The film is littered with betrayals. After her mother leaves her behind, Lilja's aunt takes over the apartment and evicts her because it is better than her own place. Even Lilja betrays the only person that shows her any kindness, a younger boy called Volodya, who like her has been cast away by his hard up family. But more shocking than all of this is the way the rich middle-aged men use her for sex and are happy to pay the criminal who keeps her like an animal without ever asking any questions. The film is a wake-up call to those of us in fortress Europe who have become so comfortable that we prefer to wallow in apathy than take responsibility for what is going on in the world. Moodysson is an important filmmaker because his films, and his art, are inspired not by other films or art but by life.

Bergman vs. scalp hygiene
After seeing Lukas Moodysson's first feature film, Fucking Åmål, (released here as Show Me Love) Ingmar Bergman announced it as the first masterpiece of a young master. Praise of that magnitude from one of the giant figures in cinema history could create a burden of expectation too much to bear. Moodysson however brushed this remark off like it was dandruff on his shoulder.
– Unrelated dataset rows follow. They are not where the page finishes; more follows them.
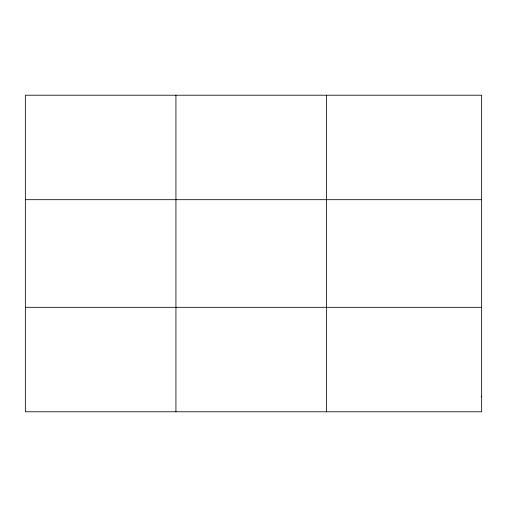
<?xml version="1.0" encoding="UTF-8"?>
<svg xmlns="http://www.w3.org/2000/svg" width="507" height="507" viewBox="0 0 507 507"><rect width="100%" height="100%" fill="white"/><g stroke="black" fill="none" stroke-linecap="round" stroke-linejoin="round"><path stroke-width="0.76" d="M326.508 95.215L326.508 411.785M25.35 199.682L481.65 199.682M25.35 307.318L481.65 307.318M175.929 95.215L175.929 411.785M481.65 396.861L481.65 411.785L25.35 411.785L25.35 95.215L481.65 95.215L481.65 396.861"/></g></svg>
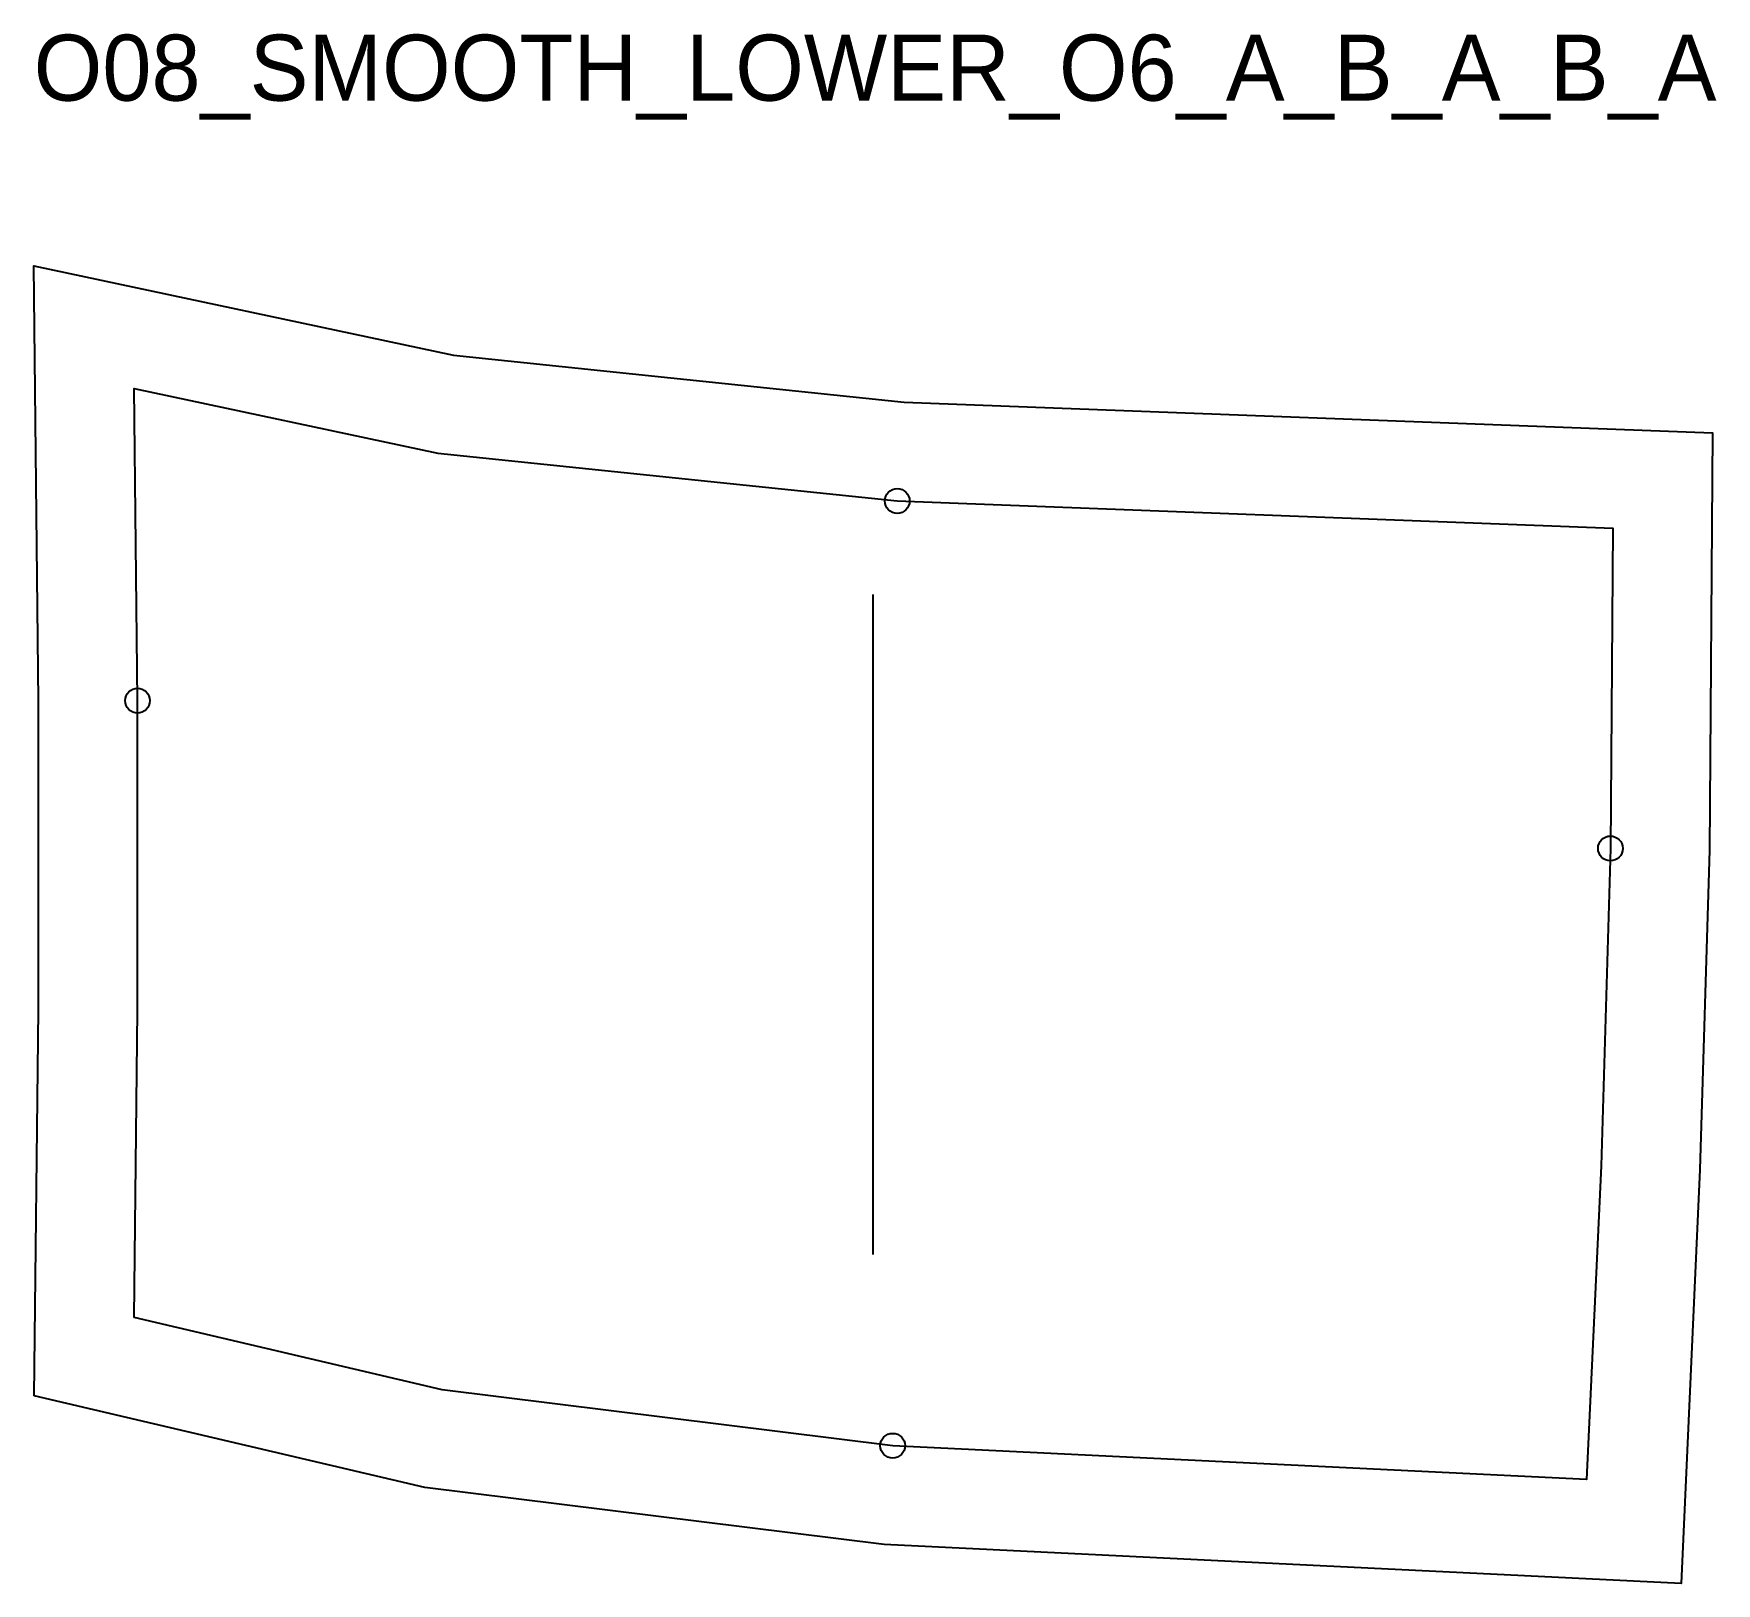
# Model space of a CAD drawing. Header units: millimetres. Extents: x -12 to 192, y -32 to 156.
import ezdxf

# ---------------------------------------------------------------- set-up
doc = ezdxf.new("R2010")
doc.units = ezdxf.units.MM
for name, color, linetype in [('CUT', 1, 'Continuous'), ('GRAIN', 3, 'Continuous'), ('ID', 7, 'Continuous'), ('NOTCH', 2, 'Continuous'), ('SEAM', 5, 'Continuous')]:
    doc.layers.add(name, color=color, linetype=linetype)

msp = doc.modelspace()

# ---------------------------------------------------------------- linework, layer by layer
at = {"layer": 'CUT'}
msp.add_lwpolyline([(-12.11, -9.49), (-11.59, 37.27), (-11.58, 74.68), (-12.16, 127.44), (38.71, 116.61), (93.34, 110.92), (191.28, 107.2), (190.92, 56.62), (189.77, 17.94), (187.48, -32.21), (90.9, -27.5), (35.24, -20.59), (-12.11, -9.49)], close=True, dxfattribs=at)
at = {"layer": 'GRAIN'}
msp.add_line((89.56, 7.62), (89.56, 87.62), dxfattribs=at)
at = {"layer": 'NOTCH'}
for centre in [(92.49, 98.94), (0.42, 74.75), (178.92, 56.84), (91.94, -15.53)]:
    msp.add_circle(centre, 1.5, dxfattribs=at)
at = {"layer": 'SEAM'}
msp.add_lwpolyline([(0, 0), (0.41, 37.21), (0.42, 74.75), (0, 112.58), (36.83, 104.74), (92.49, 98.94), (179.2, 95.65), (178.92, 56.84), (177.78, 18.39), (176.04, -19.63), (91.94, -15.53), (37.36, -8.76)], close=True, dxfattribs=at)

# ---------------------------------------------------------------- texts
at = {"layer": 'ID'}
msp.add_text('O08_SMOOTH_LOWER_O6_A_B_A_B_A', height=8, dxfattribs=at).set_placement((-12.16, 147.44))

doc.saveas('drawing.dxf')
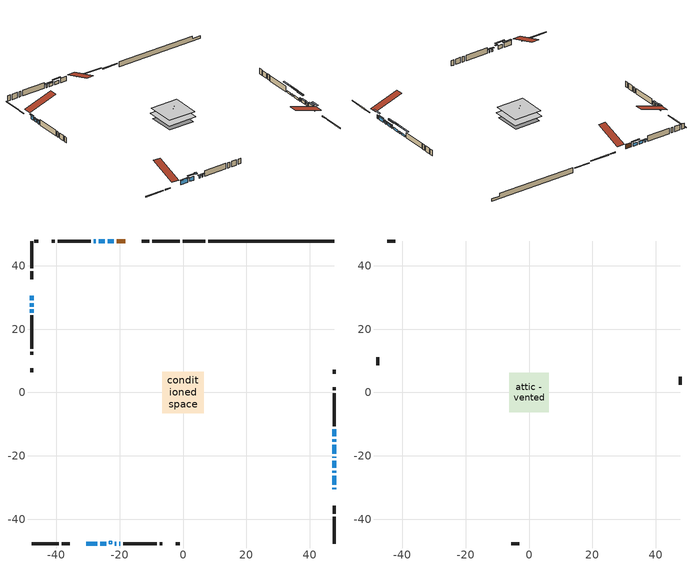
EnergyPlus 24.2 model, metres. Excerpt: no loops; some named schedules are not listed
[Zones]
conditioned space
 floor adiabatic (Floor4 construction): -1.8,-1.8 -1.8,1.8 1.8,1.8 1.8,-1.8 z0.46
 floor adiabatic (AdiabaticFloorConstruction): -6.54,-6.54 -6.54,6.54 6.54,6.54 6.54,-6.54 z0.46
 floor foundation (Slab1 construction): -5.75,-5.75 -5.75,5.75 5.75,5.75 5.75,-5.75 z-1.83
 floor foundation (Slab2 construction): -1.8,-1.8 -1.8,1.8 1.8,1.8 1.8,-1.8 z-0.23
 floor foundation (Slab3 construction): -2.02,-2.02 -2.02,2.02 2.02,2.02 2.02,-2.02 z0
 wall outside (RimJoist1 construction): -1.05,47.84 -9.7,47.84 / -47.84,-47.84 -39.19,-47.84 / -47.84,47.84 -47.84,39.19 / 47.84,-47.84 47.84,-39.19 z0.46:0.76
 wall outside (RimJoist2 construction): -10.63,47.84 -13.06,47.84 / -38.26,-47.84 -35.83,-47.84 / -47.84,38.26 -47.84,35.83 / 47.84,-38.26 47.84,-35.83 z0.46:0.76
 wall outside (AdiabaticWallConstruction 1): -18.27,47.84 -20.97,47.84 z0.46:2.49
 wall outside (AdiabaticWallConstruction): 47.84,-30.62 47.84,-30.06 / -47.84,28.16 -47.84,27.15 / 47.84,-20.6 47.84,-20.29 z0.46:2.09; -47.84,30.62 -47.84,29.09 / -30.62,-47.84 -27.06,-47.84 z0.46:2.49; -47.84,26.22 -47.84,25.25 / -26.13,-47.84 -24.25,-47.84 z0.46:2.14; 47.84,-29.13 47.84,-26.33 z0.46:2.24; 47.84,-25.41 47.84,-24.64 / 47.84,-23.71 47.84,-21.53 / -21.9,47.84 -23.78,47.84 / -24.71,47.84 -26.59,47.84 / -27.52,47.84 -28.13,47.84 z0.46:1.78; 47.84,-19.37 47.84,-16.47 / 47.84,-15.54 47.84,-14.78 / 47.84,-13.85 47.84,-11.66 / -21.52,-47.84 -21.01,-47.84 / -20.08,-47.84 -19.77,-47.84 z0.46:1.32
 wall outside (Wall1 construction): -29.06,47.84 -39.56,47.84 / -18.84,-47.84 -8.34,-47.84 / -47.84,24.32 -47.84,13.82 / 47.84,-10.73 47.84,-0.23 z0.46:2.9
 wall outside (Wall2 construction): -40.49,47.84 -41.38,47.84 / -7.41,-47.84 -6.52,-47.84 / -47.84,12.89 -47.84,11.99 / 47.84,0.7 47.84,1.59 z0.46:2.9
 wall outside (Wall6 construction): -45.68,47.84 -46.91,47.84 / -2.22,-47.84 -0.99,-47.84 / -47.84,7.7 -47.84,6.47 / 47.84,5.89 47.84,7.12 z0.46:2.9
 wall foundation (FoundationWall1 construction): 7.91,47.84,-1.83 7.91,47.84,0.46 43.85,47.84,0.46 43.85,47.84,-0.8 47.84,47.84,-0.8 47.84,47.84,-1.83
 wall foundation (FoundationWall2 construction): 6.98,47.84 -0.12,47.84 z-0.23:0.07
 window (WindowConstruction 11): 47.84,-30.62 47.84,-30.06 z0.46:2.08
 window (WindowConstruction 3): -47.84,30.62 -47.84,29.09 z0.46:2.49
 window (WindowConstruction 4): -47.84,28.16 -47.84,27.15 z0.46:2.08
 window (WindowConstruction 5): -30.62,-47.84 -27.06,-47.84 z0.46:2.49
 window (WindowConstruction 6): -47.84,26.22 -47.84,25.25 z0.46:2.14
 window (WindowConstruction 7): -26.13,-47.84 -24.25,-47.84 z0.46:2.14
 window (WindowConstruction 8): 47.84,-29.13 47.84,-26.33 z0.46:2.24
 window (WindowConstruction 9): 47.84,-25.4 47.84,-24.64 z0.46:1.78
 window (WindowConstruction 10): 47.84,-23.71 47.84,-21.53 z0.46:1.78
 window (WindowConstruction 12): 47.84,-20.6 47.84,-20.29 z0.46:2.08
 window (WindowConstruction 15): 47.84,-19.36 47.84,-16.47 z0.46:1.32
 window (WindowConstruction 16): 47.84,-15.54 47.84,-14.78 z0.46:1.32
 window (WindowConstruction 17): 47.84,-13.85 47.84,-11.66 z0.46:1.32
 window (WindowConstruction 13): -21.52,-47.84 -21.01,-47.84 z0.46:1.32
 window (WindowConstruction 14): -20.08,-47.84 -19.77,-47.84 z0.46:1.32
 window (WindowConstruction): -21.9,47.84 -23.78,47.84 z0.46:1.78
 window (WindowConstruction 1): -24.71,47.84 -26.59,47.84 z0.46:1.78
 window (WindowConstruction 2): -27.52,47.84 -28.13,47.84 z0.46:1.78
 door (Door): -18.27,47.84 -20.97,47.84 z0.46:2.49
 ceiling adiabatic (AdiabaticFloorConstruction): 6.54,-6.54 6.54,6.54 -6.54,6.54 -6.54,-6.54 z0.46
 roof outside (AdiabaticRoofConstruction): -22.45,-47.84,2.9 -22.45,-47.01,3.18 -23.32,-47.01,3.18 -23.32,-47.84,2.9
 skylight (SkylightConstruction): -22.45,-47.84,2.9 -22.45,-47.01,3.18 -23.32,-47.01,3.18 -23.32,-47.84,2.9
attic - vented
 floor to conditioned space (Floor1 construction Reversed): -6.22,-6.22 -6.22,6.22 6.22,6.22 6.22,-6.22 z2.9
 floor to conditioned space (Floor2 construction Reversed): -0.52,-0.52 -0.52,0.52 0.52,0.52 0.52,-0.52 z2.9
 floor to conditioned space (Floor3 construction Reversed): -1.96,-1.96 -1.96,1.96 1.96,1.96 1.96,-1.96 z2.9
 wall outside (Wall3 construction): -42.31,47.84 -44.75,47.84 / -5.59,-47.84 -3.15,-47.84 / -47.84,11.07 -47.84,8.63 / 47.84,2.52 47.84,4.96 z0.46:2.9
 roof outside (Roof1 construction): -17.34,47.84,2.9 -17.34,35.1,7.15 -13.99,35.1,7.15 -13.99,47.84,2.9; -31.54,-47.84,2.9 -31.54,-35.1,7.15 -34.9,-35.1,7.15 -34.9,-47.84,2.9; -47.84,31.54,2.9 -35.1,31.54,7.15 -35.1,34.9,7.15 -47.84,34.9,2.9; 47.84,-31.54,2.9 35.1,-31.54,7.15 35.1,-34.9,7.15 47.84,-34.9,2.9
shading: 47.84,-28.44 47.84,-32.23 48.45,-32.23 48.45,-28.44 z3.7; -47.84,28.94 -47.84,30.76 -48.45,30.76 -48.45,28.94 z2.64; -47.84,27 -47.84,28.31 -48.45,28.31 -48.45,27 z2.23; -26.91,-47.84 -30.76,-47.84 -30.76,-48.45 -26.91,-48.45 z2.64; -47.84,25.1 -47.84,26.37 -48.45,26.37 -48.45,25.1 z2.29; -22.88,-47.84 -27.5,-47.84 -27.5,-48.45 -22.88,-48.45 z3.5; 47.84,-26.18 47.84,-29.28 48.45,-29.28 48.45,-26.18 z2.39; 47.84,-24.49 47.84,-25.55 48.45,-25.55 48.45,-24.49 z1.93; 47.84,-21.38 47.84,-23.86 48.45,-23.86 48.45,-21.38 z1.93; 47.84,-18.68 47.84,-22.22 48.45,-22.22 48.45,-18.68 z3.7; 47.84,-13.67 47.84,-22.17 48.45,-22.17 48.45,-13.67 z4.12; 47.84,-11.98 47.84,-18.34 48.45,-18.34 48.45,-11.98 z4.12; 47.84,-8.86 47.84,-16.65 48.45,-16.65 48.45,-8.86 z4.12; -20.4,-47.84 -22.13,-47.84 -22.13,-48.45 -20.4,-48.45 z1.93; -19.16,-47.84 -20.69,-47.84 -20.69,-48.45 -19.16,-48.45 z1.93; -24.85,47.84 -20.83,47.84 -20.83,48.3 -24.85,48.3 z2.85; -26.74,47.84 -24.56,47.84 -24.56,48.45 -26.74,48.45 z1.93; -28.28,47.84 -27.37,47.84 -27.37,48.45 -28.28,48.45 z1.93
[Building]
Building 1: Terrain=Suburbs
[Site:Location]
Halifax Intl AP_NS: Latitude {deg}=44.88; Longitude {deg}=-63.51; Time Zone {hr}=-4; Elevation {m}=145; Keep Site Location Information=Yes
[Site:GroundTemperature:Shallow]
3.15511, 1.33576, 1.19006, 2.05344, 5.51939, 8.9692, 11.96, 13.8546, 14.0156, 12.4746, 9.56009, 6.2161
[Site:WaterMainsTemperature]
Calculation Method=Schedule; Temperature Schedule=mains temperature schedule
[Material] Roughness=Rough; Thermal Absorptance=0.9
Name | Thickness {m} | Conductivity {W/m-K} | Density {kg/m3} | Specific Heat {J/kg-K} | Solar Absorptance | Visible Absorptance
asphalt or fiberglass shingles | 0.00635 | 0.162714 | 1121.4 | 1465.45 | 0.4 | 0.4
asphalt or fiberglass shingles 1 | 0.00635 | 0.162714 | 1121.4 | 1465.45 | 0.7 | 0.7
ceiling loosefill ins | 0.338667 | 0.0480833 | 16.02 | 1046.75 | 0.7 | 0.7
ceiling loosefill ins 1 | 0.0846667 | 0.0480833 | 16.02 | 1046.75 | 0.7 | 0.7
ceiling loosefill ins 2 | 0.254 | 0.0480833 | 16.02 | 1046.75 | 0.7 | 0.7
ceiling stud and cavity | 0.1397 | 0.231302 | 65.682 | 1177.47 | 0.7 | 0.7
ceiling stud and cavity 1 | 0.1397 | 0.114649 | 65.682 | 1177.47 | 0.7 | 0.7
ceiling stud and cavity 2 | 0.1397 | 0.132671 | 65.682 | 1177.47 | 0.7 | 0.7
concrete 4.0 in. | 0.1016 | 1.803125 | 2242.8 | 837.4 | 0.7 | 0.7
concrete 8.0 in. | 0.2032 | 1.803125 | 2242.8 | 837.4 | 0.7 | 0.7
door material | 0.04445 | 0.053851 | 512.64 | 1214.23 | 0.7 | 0.7
exterior vertical ins | 0.00272699 | 0.029427 | 32.04 | 1214.23 | 0.7 | 0.7
exterior vertical ins 1 | 0.000518347 | 0.029427 | 32.04 | 1214.23 | 0.7 | 0.7
floor covering | 0.0127 | 0.0433444 | 54.468 | 1339.84 | 0.6 | 0.6
floor rigid ins; rim joist rigid ins; wall rigid ins | 0.051816 | 0.029427 | 32.04 | 1214.23 | 0.7 | 0.7
floor rigid ins 1; roof rigid ins; wall rigid ins 1 | 0.512978 | 0.029427 | 32.04 | 1214.23 | 0.7 | 0.7
floor stud and cavity | 0.1397 | 0.117729 | 92.3553 | 1139.71 | 0.7 | 0.7
floor stud and cavity 1 | 0.1397 | 1.75129 | 37.0049 | 1207.88 | 0.7 | 0.7
furniture material conditioned space 1 | 0.1524 | 0.115458 | 640.8 | 1214.23 | 0.6 | 0.6
gypsum board | 0.0127 | 0.160291 | 801 | 837.4 | 0.6 | 0.6
gypsum board 1 | 0.0127 | 0.160291 | 801 | 837.4 | 0.7 | 0.7
osb sheathing 0.5 in. | 0.0127 | 0.115458 | 512.64 | 1214.23 | 0.7 | 0.7
osb sheathing 0.75 in. | 0.01905 | 0.115458 | 512.64 | 1214.23 | 0.7 | 0.7
osb sheathing 2.0 in. | 0.0508 | 0.115458 | 512.64 | 1214.23 | 0.7 | 0.7
rim joist stud and cavity | 0.0508 | 0.0391144 | 125.044 | 1163.47 | 0.6 | 0.6
rim joist stud and cavity 1 | 0.0508 | 0.0393814 | 125.044 | 1163.47 | 0.6 | 0.6
roof stud and cavity | 0.18415 | 1.78685 | 37.0049 | 1207.88 | 0.6 | 0.6
wall stud and cavity | 0.1397 | 0.192572 | 139.0536 | 1170.24 | 0.7 | 0.7
wall stud and cavity 1 | 0.1397 | 0.443252 | 139.0536 | 1170.24 | 0.7 | 0.7
wall stud and cavity 2 | 0.0889 | 6.9971 | 50.32683 | 1063.81 | 0.6 | 0.6
wall stud and cavity 3 | 0.1397 | 0.709132 | 139.0536 | 1170.24 | 0.7 | 0.7
wall stud and cavity 4 | 0.0889 | 0.380278 | 52.3479 | 1209.89 | 0.7 | 0.7
wall stud and cavity 5 | 0.0889 | 0.391764 | 83.0341 | 1211.67 | 0.7 | 0.7
wood siding | 0.0254 | 0.102417 | 544.68 | 1172.36 | 0.4 | 0.4
wood siding 1 | 0.00254 | 0.102417 | 544.68 | 1172.36 | 0.4 | 0.4
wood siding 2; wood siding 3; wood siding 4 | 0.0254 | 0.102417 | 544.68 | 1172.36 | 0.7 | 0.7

He explained himself at a talk he gave in November at The National Film Theatre in London "I think I am part of a generation where I don't really have to measure myself with Bergman. I don't have to love him or hate him. I can be more neutral towards him. For a long time in Sweden, filmmakers felt the need to distance themselves from Bergman or be as close as possible to him. But I haven't really thought about him a lot."